For startups and smaller AI companies, this creates a two-tier system. Labs with the resources and relationships to engage with CAISI get a de facto seal of approval. Everyone else operates without one. That’s not necessarily a problem today — the agreements are voluntary, and CAISI doesn’t block releases. But if these voluntary reviews become mandatory, the compliance burden could be the moat that separates frontier labs from everyone else.
What 40+ Secret Evaluations Tell You
The most underreported detail in NIST’s announcement is the number: 40 evaluations already completed, including on unreleased models. That means the US government has been quietly reviewing frontier AI capabilities for months, possibly longer, with results that are not public.
Some of those evaluations likely covered Mythos. Some likely covered models from OpenAI and Google that were subsequently modified or shelved. The government now has a dataset of frontier AI capabilities that no external researcher, journalist, or policymaker has access to. They know which models were too dangerous to ship. They know which capabilities were dialed back. And none of that information is available to the public that these models will eventually serve.

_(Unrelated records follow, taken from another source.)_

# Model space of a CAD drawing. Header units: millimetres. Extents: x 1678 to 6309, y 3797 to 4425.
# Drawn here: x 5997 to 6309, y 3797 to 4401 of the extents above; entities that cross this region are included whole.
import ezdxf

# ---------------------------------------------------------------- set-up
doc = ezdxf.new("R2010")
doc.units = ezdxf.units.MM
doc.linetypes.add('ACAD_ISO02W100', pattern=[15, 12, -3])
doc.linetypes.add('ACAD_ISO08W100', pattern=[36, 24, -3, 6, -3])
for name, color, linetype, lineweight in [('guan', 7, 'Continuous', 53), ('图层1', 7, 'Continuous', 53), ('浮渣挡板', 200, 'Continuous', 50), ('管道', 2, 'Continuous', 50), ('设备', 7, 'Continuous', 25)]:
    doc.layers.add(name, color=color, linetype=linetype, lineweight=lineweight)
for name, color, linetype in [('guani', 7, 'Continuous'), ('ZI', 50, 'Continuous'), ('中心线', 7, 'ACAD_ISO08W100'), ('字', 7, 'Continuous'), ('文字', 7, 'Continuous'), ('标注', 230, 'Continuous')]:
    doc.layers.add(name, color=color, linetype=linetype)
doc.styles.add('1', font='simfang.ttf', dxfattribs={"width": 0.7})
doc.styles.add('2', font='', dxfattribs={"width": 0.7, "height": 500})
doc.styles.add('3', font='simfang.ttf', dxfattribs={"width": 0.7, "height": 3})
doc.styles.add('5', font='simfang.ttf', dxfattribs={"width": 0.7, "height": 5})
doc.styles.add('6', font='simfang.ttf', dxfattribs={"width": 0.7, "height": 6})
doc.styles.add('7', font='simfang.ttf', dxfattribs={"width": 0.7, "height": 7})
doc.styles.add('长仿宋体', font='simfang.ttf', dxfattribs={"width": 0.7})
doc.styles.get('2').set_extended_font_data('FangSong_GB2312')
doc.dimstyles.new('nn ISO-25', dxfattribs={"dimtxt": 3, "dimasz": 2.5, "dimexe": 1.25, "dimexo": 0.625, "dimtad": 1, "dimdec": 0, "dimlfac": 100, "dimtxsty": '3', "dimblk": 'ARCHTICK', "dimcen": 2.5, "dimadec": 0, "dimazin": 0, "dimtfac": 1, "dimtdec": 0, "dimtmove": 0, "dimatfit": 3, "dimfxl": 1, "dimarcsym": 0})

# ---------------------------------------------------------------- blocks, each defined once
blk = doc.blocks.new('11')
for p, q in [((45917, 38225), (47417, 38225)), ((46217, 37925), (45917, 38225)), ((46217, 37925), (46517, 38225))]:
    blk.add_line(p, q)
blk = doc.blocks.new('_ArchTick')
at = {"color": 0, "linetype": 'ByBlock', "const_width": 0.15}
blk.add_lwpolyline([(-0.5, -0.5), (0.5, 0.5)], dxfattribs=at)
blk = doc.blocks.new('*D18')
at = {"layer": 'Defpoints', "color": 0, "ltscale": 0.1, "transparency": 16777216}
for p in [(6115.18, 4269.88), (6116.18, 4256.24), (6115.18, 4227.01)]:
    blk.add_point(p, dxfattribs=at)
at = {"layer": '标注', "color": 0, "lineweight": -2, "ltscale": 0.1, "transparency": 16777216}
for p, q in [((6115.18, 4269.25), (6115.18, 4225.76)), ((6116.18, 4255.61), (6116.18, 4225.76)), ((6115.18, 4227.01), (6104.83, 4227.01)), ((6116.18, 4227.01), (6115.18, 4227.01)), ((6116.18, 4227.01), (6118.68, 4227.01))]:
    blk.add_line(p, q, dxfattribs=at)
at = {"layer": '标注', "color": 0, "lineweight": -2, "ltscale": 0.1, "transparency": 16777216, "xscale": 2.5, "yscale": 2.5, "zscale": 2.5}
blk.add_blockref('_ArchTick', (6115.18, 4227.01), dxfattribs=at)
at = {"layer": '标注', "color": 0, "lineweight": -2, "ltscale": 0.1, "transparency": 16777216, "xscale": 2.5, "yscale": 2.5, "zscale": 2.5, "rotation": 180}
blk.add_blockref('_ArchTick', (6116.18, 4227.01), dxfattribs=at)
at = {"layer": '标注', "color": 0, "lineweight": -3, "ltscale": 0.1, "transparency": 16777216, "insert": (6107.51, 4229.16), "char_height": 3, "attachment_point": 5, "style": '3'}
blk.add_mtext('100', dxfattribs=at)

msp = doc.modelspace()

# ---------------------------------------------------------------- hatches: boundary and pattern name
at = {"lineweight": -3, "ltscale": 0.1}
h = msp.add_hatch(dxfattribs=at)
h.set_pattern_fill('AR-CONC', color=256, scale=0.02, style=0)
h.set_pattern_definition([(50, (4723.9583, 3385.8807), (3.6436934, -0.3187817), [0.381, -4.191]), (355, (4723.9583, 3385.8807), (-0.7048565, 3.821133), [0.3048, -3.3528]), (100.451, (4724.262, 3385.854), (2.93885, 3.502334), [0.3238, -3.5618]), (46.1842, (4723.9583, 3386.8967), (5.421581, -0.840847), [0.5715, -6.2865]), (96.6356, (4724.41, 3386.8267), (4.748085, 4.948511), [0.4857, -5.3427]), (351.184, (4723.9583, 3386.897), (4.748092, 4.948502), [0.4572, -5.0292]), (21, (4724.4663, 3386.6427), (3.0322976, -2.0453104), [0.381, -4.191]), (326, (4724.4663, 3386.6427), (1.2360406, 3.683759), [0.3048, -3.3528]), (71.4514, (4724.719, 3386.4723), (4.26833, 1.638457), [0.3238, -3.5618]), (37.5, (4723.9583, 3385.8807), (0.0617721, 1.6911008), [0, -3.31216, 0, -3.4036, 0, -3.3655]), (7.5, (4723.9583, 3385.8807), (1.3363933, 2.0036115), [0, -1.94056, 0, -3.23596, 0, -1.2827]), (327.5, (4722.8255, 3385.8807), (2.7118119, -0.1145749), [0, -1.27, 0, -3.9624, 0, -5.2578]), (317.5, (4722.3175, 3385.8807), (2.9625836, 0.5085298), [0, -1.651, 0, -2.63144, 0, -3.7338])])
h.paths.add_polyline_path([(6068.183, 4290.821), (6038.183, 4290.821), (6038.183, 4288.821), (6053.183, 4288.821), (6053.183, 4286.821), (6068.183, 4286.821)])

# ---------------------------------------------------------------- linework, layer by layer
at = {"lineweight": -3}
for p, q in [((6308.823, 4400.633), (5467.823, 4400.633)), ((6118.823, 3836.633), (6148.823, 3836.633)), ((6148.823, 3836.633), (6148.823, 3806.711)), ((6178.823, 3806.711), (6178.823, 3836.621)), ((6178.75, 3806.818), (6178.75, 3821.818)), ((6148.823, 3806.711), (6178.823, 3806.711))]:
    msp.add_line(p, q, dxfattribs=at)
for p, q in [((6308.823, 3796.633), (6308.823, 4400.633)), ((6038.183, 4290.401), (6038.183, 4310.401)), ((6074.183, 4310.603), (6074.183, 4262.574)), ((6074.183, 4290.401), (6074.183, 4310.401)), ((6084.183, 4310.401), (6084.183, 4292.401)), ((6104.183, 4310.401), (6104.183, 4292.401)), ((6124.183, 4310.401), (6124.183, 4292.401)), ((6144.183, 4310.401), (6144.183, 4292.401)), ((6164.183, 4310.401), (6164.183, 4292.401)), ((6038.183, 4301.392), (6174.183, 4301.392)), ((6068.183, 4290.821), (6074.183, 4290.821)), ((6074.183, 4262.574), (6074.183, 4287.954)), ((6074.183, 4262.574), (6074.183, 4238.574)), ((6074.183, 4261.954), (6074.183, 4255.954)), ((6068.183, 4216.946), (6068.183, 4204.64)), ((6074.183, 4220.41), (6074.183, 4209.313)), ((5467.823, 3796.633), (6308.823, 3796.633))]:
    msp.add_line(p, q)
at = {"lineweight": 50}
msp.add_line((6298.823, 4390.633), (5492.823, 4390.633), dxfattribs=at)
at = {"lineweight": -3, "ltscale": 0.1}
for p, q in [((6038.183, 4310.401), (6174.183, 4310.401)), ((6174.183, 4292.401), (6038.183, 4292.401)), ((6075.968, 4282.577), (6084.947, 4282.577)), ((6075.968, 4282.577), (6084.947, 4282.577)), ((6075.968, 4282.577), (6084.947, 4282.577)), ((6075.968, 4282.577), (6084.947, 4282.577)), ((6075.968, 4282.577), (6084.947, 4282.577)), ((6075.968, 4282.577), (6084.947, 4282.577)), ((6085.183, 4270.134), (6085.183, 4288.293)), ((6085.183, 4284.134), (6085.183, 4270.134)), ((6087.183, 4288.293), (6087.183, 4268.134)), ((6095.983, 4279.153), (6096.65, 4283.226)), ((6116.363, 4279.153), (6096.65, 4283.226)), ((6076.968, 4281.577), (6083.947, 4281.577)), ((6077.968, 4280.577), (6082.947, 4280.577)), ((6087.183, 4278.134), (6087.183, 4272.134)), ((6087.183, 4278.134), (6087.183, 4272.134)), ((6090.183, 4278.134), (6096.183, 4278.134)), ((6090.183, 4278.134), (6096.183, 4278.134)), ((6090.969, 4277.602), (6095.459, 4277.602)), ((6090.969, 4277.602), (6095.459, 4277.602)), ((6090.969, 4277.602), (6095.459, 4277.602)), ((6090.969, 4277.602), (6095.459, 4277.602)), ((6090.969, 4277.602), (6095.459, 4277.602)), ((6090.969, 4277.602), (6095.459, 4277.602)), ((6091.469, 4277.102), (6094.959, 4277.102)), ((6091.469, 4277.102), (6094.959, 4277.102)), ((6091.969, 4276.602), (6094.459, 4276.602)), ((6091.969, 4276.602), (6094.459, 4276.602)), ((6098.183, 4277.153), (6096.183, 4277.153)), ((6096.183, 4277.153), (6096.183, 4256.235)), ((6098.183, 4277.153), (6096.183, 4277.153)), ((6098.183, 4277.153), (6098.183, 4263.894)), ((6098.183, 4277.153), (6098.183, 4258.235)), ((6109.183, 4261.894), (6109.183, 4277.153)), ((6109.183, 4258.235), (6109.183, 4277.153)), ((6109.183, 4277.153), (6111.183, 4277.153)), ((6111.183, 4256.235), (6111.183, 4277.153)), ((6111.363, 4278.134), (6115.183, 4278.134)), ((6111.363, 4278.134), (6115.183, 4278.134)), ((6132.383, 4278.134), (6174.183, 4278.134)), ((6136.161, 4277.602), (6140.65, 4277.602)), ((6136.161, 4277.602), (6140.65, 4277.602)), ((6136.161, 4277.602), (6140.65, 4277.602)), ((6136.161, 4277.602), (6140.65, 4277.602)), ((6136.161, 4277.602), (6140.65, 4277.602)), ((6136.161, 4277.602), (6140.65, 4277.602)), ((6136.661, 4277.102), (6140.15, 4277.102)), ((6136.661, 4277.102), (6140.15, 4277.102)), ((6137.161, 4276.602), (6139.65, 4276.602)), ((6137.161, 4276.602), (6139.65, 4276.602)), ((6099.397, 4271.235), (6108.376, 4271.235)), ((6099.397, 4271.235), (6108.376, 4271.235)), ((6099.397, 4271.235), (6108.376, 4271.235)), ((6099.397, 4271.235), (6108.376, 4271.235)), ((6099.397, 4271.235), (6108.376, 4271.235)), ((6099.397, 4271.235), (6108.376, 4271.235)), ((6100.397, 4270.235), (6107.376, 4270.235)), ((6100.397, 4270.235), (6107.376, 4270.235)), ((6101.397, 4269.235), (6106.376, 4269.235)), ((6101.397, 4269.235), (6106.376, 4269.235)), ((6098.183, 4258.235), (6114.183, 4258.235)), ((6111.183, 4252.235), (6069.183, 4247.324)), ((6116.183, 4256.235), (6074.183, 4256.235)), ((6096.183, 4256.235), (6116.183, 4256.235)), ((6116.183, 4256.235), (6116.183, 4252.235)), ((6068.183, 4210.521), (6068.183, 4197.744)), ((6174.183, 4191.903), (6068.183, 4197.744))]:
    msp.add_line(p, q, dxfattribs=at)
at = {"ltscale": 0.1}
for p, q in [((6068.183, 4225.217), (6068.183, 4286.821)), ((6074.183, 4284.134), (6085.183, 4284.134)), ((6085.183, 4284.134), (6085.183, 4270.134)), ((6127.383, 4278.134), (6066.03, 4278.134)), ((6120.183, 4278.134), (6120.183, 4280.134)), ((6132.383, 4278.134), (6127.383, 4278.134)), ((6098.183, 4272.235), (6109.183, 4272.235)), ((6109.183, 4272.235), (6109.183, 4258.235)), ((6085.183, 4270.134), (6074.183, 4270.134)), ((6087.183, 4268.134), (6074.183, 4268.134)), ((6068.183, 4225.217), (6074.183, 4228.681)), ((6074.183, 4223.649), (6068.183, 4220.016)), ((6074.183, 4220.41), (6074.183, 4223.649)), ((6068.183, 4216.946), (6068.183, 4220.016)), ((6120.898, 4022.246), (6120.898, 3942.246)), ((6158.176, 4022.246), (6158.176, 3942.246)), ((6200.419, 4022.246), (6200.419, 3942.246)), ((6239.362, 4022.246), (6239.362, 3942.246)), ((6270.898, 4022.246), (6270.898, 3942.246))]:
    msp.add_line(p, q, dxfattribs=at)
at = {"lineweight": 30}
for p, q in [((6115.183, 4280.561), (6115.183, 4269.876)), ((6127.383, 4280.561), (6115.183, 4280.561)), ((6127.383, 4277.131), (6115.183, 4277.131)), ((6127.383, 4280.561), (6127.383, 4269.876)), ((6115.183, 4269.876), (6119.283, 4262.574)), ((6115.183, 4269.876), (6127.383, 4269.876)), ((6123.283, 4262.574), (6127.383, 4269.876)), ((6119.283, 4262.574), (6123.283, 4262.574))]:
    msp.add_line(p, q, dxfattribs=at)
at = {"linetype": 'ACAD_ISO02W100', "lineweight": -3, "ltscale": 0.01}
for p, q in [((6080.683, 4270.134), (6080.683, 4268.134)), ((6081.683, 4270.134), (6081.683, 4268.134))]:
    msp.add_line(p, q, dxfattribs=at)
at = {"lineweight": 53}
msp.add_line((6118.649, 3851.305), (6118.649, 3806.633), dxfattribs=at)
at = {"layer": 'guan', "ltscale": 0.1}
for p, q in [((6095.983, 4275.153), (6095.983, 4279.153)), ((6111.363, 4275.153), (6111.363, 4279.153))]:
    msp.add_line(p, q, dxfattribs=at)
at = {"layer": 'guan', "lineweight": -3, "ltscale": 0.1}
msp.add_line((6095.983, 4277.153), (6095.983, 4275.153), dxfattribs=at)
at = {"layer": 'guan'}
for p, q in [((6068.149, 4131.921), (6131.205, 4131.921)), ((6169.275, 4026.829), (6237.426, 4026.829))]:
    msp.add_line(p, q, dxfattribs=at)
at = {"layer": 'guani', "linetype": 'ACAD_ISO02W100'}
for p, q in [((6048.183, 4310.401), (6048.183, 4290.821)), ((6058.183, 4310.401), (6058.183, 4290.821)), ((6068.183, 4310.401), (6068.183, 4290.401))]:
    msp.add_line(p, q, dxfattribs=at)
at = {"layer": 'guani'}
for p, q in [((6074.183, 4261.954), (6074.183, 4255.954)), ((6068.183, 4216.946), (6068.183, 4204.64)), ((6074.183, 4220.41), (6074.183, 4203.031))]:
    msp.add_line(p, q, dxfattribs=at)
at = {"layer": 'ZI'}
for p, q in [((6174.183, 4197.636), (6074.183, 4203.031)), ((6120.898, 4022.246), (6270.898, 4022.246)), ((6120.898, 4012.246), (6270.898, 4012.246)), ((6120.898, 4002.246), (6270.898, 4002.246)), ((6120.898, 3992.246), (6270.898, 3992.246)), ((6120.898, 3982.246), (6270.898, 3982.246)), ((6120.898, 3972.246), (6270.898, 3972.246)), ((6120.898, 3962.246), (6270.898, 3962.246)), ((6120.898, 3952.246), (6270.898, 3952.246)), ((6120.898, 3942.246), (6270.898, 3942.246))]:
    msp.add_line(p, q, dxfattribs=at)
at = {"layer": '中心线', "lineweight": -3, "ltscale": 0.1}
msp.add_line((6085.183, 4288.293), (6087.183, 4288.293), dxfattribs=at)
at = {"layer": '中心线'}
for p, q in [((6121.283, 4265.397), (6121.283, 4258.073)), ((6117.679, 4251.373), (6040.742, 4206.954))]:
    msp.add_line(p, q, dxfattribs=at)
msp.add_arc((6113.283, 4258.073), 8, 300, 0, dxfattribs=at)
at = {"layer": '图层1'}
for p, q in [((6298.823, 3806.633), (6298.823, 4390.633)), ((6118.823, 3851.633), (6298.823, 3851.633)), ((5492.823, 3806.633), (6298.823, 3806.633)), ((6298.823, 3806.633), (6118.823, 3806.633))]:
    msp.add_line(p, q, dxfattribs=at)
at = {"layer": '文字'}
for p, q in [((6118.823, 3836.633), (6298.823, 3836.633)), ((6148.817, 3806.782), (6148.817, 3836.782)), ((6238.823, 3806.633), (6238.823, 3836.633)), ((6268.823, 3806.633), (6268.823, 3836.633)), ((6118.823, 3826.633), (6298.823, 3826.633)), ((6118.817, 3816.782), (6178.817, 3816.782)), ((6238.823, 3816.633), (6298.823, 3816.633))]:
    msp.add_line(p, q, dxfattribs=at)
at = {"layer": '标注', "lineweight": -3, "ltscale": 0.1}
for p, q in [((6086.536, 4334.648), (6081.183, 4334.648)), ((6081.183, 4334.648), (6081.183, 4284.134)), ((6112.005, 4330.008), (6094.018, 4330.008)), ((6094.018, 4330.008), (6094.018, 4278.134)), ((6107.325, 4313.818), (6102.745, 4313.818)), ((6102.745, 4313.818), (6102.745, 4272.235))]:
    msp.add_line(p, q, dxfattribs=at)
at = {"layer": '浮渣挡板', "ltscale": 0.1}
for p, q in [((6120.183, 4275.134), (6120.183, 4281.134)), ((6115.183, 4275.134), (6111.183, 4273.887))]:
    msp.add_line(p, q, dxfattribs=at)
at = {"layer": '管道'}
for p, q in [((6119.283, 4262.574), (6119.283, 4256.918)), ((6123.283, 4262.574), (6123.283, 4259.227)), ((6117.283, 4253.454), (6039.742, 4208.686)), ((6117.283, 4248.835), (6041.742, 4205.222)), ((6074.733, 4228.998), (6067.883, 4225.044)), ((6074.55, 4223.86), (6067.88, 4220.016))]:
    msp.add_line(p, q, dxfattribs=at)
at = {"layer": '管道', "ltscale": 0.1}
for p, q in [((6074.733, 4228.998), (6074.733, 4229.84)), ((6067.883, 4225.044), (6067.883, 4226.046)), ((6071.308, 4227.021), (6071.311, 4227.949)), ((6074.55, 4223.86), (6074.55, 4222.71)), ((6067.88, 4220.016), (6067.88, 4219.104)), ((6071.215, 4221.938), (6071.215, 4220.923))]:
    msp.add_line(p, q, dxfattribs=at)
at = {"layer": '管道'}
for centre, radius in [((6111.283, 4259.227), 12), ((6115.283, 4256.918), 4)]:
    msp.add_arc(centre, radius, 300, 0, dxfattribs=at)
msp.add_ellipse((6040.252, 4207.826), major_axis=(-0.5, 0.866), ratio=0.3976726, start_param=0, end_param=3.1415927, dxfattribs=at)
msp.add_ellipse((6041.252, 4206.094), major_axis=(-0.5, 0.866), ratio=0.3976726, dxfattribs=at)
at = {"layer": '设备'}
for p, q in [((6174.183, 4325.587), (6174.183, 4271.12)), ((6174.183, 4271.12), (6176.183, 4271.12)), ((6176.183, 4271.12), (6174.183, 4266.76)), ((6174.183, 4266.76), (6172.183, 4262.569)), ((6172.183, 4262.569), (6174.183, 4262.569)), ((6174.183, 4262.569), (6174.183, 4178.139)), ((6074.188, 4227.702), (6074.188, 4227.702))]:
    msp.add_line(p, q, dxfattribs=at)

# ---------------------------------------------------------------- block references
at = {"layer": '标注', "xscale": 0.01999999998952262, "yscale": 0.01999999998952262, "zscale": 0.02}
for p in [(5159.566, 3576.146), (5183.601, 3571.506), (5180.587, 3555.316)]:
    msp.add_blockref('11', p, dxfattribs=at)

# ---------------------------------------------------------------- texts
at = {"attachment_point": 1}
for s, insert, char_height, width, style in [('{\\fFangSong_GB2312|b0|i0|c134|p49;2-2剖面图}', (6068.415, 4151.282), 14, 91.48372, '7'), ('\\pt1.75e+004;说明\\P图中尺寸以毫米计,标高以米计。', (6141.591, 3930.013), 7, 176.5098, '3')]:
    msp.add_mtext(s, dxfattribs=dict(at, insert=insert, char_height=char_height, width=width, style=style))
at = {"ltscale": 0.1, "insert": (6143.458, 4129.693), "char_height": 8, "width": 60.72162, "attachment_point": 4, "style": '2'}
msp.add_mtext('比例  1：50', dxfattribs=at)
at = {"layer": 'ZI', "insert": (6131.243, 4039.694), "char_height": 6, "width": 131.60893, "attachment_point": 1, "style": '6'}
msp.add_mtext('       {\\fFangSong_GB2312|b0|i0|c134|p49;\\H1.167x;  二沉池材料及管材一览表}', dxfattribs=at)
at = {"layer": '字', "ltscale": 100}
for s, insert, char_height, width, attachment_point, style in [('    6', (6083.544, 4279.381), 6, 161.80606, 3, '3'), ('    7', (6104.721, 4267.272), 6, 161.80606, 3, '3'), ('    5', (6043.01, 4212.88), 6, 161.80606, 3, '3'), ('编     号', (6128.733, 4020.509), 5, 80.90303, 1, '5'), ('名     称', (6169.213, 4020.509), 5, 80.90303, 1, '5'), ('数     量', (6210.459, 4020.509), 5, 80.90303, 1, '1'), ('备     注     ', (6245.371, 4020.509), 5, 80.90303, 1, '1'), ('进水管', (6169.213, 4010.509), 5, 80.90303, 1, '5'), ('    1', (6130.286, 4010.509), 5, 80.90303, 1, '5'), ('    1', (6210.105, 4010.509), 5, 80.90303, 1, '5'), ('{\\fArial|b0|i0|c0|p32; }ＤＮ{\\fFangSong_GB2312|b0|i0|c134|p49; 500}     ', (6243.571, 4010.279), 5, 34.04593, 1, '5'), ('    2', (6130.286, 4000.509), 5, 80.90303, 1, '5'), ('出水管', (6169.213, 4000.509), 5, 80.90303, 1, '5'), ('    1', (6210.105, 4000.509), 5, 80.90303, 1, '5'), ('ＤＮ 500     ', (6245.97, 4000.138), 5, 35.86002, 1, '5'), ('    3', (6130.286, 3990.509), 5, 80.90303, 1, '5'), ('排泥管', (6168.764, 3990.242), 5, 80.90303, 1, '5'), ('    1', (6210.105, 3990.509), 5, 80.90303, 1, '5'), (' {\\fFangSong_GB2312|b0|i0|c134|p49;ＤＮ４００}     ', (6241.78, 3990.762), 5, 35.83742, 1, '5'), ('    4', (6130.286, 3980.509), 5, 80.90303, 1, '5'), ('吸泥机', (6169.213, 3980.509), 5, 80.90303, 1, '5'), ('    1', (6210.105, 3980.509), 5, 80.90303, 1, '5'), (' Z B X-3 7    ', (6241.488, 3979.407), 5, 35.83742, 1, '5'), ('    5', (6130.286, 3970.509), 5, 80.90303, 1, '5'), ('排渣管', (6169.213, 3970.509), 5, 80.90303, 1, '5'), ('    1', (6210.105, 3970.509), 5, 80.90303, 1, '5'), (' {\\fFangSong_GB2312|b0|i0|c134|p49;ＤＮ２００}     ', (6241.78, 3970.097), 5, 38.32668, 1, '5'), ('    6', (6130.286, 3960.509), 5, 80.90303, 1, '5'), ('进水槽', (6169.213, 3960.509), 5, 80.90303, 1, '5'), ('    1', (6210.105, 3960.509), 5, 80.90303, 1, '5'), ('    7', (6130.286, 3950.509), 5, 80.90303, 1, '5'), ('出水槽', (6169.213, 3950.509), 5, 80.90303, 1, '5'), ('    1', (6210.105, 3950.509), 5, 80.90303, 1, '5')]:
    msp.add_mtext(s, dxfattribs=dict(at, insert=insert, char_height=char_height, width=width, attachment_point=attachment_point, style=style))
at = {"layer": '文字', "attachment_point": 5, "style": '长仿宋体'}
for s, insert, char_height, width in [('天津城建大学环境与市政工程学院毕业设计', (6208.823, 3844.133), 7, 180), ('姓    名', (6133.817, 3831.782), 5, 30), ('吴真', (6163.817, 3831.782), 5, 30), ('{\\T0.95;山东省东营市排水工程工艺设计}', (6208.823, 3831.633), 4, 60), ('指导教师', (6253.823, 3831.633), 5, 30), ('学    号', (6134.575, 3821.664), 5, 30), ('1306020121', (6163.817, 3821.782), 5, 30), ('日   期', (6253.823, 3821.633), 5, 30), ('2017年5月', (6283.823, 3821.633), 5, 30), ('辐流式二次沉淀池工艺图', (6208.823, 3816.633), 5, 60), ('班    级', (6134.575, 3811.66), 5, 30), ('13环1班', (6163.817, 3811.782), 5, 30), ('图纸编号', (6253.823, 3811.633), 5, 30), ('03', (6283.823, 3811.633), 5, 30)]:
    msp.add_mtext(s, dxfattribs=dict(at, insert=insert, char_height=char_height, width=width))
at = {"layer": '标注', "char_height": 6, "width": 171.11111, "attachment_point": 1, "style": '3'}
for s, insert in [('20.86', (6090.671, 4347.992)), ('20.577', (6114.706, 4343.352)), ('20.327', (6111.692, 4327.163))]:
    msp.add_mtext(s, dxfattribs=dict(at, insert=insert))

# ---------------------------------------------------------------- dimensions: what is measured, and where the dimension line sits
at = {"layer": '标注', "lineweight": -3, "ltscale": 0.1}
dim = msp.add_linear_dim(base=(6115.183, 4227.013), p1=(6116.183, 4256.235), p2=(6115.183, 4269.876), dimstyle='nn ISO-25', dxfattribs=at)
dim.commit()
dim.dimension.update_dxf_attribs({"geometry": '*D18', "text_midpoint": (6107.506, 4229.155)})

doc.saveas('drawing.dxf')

This is the trade-off the industry has accepted: transparency with the government in exchange for opacity with everyone else. Whether that’s the right bargain depends entirely on whether you trust NIST more than you trust the labs themselves.
The Verdict
The era of “ship it and see what happens” in frontier AI is over. Every major American AI lab now voluntarily submits its most powerful models for government review before the public gets access. The system is informal, non-binding, and entirely dependent on goodwill — which means it will either become law within two years or collapse the first time a lab decides the competitive cost of waiting for review is too high.
For now, though, the signal is clear: the companies building the most powerful AI systems on Earth have collectively decided that someone outside their walls should check their work before release. That Elon Musk’s company is among them tells you everything about where the industry consensus has landed — even the loudest critic of AI regulation just signed up to be regulated.